* **Exercise**: In the listing below, find each line with the string "SOLDERJUMPER" and report it.

━━━━━━━━━━

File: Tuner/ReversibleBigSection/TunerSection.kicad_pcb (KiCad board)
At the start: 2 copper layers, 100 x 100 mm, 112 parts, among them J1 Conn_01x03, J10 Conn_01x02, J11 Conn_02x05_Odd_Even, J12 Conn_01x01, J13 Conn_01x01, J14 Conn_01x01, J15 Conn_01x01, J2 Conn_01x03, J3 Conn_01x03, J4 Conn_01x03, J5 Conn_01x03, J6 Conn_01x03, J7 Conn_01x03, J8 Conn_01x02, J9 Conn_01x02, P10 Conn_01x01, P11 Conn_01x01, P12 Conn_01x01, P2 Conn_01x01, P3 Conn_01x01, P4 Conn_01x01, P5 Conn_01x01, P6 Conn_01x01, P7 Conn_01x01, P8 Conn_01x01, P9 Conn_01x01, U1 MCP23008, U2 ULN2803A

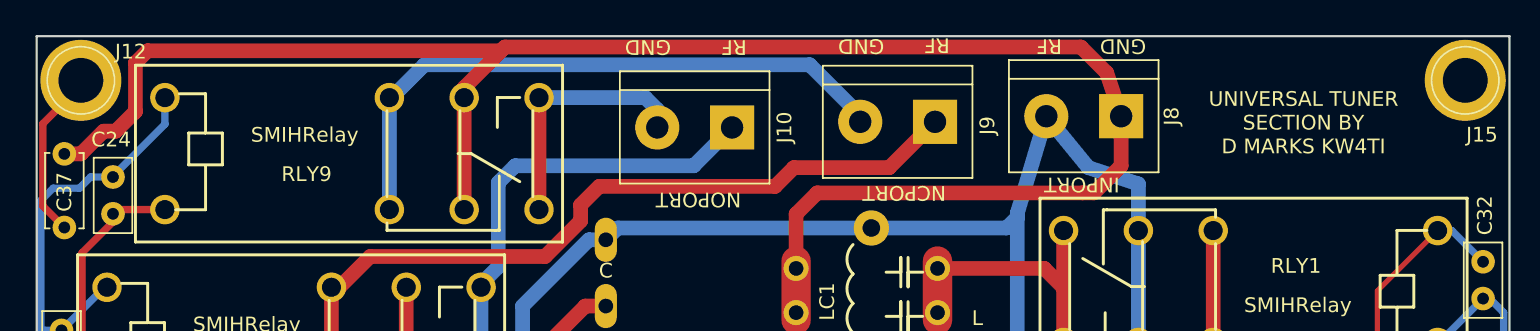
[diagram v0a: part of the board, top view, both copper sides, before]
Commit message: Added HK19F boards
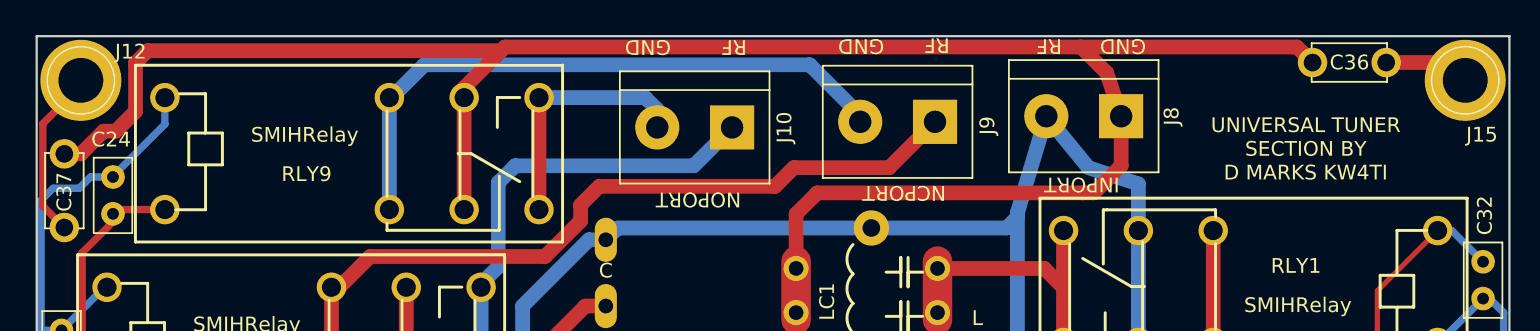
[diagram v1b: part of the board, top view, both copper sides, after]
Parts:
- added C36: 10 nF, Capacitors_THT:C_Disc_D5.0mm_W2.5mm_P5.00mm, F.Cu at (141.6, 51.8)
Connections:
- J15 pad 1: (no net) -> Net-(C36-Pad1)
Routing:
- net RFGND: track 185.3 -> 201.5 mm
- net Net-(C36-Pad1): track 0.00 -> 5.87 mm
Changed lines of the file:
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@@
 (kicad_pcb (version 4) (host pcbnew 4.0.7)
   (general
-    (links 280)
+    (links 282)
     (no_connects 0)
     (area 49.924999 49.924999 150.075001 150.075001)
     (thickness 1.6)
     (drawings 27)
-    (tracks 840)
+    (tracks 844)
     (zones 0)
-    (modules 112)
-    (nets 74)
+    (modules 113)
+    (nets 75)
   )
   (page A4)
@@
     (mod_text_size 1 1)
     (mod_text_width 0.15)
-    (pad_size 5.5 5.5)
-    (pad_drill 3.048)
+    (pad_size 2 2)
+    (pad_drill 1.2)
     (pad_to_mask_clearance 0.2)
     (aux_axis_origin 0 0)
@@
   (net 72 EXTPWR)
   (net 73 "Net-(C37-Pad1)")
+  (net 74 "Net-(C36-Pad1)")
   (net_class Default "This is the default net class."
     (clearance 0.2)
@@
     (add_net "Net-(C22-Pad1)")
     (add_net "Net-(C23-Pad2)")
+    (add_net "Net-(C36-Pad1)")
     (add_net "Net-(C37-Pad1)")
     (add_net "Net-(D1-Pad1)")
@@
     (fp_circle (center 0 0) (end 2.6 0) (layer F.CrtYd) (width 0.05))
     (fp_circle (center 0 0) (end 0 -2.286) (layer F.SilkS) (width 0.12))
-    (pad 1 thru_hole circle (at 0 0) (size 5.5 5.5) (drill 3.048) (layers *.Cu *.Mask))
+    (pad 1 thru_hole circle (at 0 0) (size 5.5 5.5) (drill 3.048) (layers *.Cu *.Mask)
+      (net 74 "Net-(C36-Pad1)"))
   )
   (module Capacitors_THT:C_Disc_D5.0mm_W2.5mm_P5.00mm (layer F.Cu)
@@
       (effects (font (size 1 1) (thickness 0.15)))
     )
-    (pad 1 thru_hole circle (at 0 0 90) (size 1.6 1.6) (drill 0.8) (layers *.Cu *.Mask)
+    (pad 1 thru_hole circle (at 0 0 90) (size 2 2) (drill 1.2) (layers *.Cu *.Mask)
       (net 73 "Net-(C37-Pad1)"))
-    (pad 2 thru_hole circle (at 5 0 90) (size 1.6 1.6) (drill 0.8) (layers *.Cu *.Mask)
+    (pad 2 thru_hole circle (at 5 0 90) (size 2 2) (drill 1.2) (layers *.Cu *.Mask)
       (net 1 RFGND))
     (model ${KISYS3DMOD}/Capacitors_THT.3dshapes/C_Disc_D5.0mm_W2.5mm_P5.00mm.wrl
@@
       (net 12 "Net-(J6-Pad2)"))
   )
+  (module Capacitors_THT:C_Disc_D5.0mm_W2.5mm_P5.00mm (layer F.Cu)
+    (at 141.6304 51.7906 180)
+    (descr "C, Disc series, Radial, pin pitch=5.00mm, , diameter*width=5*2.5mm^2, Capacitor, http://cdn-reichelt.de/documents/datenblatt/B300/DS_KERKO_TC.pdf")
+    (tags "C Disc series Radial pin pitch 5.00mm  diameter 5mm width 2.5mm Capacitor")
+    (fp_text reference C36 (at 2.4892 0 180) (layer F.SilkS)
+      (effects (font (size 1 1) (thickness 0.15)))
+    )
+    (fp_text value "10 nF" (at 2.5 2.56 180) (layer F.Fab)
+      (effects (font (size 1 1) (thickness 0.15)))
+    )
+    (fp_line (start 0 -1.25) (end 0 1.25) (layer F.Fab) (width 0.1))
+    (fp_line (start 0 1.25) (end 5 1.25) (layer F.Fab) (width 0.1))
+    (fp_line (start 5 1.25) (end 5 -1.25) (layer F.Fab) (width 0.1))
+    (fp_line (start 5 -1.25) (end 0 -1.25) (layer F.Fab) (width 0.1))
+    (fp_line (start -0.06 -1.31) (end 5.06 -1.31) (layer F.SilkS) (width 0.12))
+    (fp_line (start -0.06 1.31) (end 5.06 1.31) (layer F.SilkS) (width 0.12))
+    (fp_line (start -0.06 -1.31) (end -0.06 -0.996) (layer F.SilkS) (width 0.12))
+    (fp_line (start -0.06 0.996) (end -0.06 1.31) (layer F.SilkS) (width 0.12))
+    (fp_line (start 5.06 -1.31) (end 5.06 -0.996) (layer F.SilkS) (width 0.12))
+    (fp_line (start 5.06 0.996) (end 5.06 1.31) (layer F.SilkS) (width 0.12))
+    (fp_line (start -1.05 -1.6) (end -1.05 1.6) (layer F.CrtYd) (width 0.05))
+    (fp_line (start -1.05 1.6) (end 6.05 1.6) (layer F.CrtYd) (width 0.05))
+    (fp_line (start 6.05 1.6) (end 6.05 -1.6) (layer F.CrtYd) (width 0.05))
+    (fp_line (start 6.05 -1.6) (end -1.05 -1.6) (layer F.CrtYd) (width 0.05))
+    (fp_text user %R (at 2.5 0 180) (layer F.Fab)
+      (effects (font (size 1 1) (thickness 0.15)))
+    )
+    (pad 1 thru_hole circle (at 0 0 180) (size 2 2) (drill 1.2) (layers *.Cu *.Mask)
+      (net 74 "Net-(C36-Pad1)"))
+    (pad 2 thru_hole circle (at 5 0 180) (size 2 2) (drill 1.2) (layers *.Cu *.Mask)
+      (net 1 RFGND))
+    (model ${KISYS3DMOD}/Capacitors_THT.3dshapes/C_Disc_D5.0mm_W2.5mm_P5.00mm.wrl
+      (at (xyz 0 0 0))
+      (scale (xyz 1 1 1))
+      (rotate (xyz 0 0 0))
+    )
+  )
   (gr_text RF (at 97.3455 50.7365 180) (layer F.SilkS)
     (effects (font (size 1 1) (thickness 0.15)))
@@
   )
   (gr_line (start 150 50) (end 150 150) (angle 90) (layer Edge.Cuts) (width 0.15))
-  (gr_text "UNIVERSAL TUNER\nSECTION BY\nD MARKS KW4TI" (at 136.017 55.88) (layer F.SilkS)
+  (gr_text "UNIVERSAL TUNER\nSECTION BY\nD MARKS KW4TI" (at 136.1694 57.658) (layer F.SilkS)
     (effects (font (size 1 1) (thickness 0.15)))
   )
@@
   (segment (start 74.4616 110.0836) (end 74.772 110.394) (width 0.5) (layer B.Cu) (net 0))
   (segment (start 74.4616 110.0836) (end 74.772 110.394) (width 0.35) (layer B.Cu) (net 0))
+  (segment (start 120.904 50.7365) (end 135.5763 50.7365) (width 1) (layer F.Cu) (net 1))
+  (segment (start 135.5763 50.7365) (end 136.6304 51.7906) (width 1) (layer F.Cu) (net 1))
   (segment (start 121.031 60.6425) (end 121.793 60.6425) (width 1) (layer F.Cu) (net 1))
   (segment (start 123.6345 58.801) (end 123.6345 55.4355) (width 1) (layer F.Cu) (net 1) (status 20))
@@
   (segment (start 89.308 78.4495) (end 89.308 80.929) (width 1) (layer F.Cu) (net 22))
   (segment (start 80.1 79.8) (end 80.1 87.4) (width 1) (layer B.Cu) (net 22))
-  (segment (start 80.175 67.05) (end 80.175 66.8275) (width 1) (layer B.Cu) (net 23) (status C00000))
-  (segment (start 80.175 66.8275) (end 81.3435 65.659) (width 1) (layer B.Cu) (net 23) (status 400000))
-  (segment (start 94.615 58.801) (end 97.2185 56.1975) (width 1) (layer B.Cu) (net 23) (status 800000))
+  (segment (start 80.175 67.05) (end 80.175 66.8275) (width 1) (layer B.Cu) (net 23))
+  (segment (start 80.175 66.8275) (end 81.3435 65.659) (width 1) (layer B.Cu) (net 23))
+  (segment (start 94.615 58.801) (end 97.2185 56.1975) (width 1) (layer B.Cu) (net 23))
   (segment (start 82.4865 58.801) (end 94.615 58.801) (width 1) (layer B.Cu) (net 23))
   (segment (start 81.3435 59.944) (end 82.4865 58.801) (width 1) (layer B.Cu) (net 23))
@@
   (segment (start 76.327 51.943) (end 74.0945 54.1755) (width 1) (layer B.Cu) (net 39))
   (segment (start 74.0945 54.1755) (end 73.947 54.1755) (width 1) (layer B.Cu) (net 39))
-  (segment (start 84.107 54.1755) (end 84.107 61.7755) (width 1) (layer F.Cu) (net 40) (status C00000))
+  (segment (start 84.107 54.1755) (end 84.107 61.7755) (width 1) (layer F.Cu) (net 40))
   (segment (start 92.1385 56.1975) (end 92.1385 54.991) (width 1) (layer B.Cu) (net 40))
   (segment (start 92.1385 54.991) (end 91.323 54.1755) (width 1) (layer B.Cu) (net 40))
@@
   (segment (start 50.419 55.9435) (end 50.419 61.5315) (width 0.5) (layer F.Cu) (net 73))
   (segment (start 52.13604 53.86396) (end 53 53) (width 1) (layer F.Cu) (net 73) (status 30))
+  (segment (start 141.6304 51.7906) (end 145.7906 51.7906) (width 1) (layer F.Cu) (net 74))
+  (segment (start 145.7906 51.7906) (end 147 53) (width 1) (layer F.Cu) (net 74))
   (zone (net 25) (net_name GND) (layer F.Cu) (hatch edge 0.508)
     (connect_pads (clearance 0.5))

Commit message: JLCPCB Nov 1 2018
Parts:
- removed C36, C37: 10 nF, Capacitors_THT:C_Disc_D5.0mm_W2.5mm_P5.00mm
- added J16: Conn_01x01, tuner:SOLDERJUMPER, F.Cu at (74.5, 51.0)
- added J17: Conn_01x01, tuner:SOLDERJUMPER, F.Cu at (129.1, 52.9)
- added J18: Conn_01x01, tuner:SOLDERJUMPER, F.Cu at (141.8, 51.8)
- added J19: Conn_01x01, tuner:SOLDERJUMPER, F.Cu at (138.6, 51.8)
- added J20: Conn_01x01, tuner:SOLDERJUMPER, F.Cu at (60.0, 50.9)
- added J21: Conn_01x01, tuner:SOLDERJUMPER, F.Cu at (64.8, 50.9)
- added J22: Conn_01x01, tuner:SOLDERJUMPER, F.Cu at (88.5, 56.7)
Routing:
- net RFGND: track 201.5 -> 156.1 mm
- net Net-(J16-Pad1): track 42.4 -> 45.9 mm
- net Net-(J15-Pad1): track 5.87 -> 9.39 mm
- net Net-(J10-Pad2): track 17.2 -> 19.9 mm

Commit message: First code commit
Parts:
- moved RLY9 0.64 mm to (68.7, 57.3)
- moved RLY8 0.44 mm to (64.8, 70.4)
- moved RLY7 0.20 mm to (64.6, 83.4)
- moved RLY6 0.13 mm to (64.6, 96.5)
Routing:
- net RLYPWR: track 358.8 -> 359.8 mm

━━━━━━━━━━

* **Response to this exercise**:
- added J16: Conn_01x01, tuner:SOLDERJUMPER, F.Cu at (74.5, 51.0)
- added J17: Conn_01x01, tuner:SOLDERJUMPER, F.Cu at (129.1, 52.9)
- added J18: Conn_01x01, tuner:SOLDERJUMPER, F.Cu at (141.8, 51.8)
- added J19: Conn_01x01, tuner:SOLDERJUMPER, F.Cu at (138.6, 51.8)
- added J20: Conn_01x01, tuner:SOLDERJUMPER, F.Cu at (60.0, 50.9)
- added J21: Conn_01x01, tuner:SOLDERJUMPER, F.Cu at (64.8, 50.9)
- added J22: Conn_01x01, tuner:SOLDERJUMPER, F.Cu at (88.5, 56.7)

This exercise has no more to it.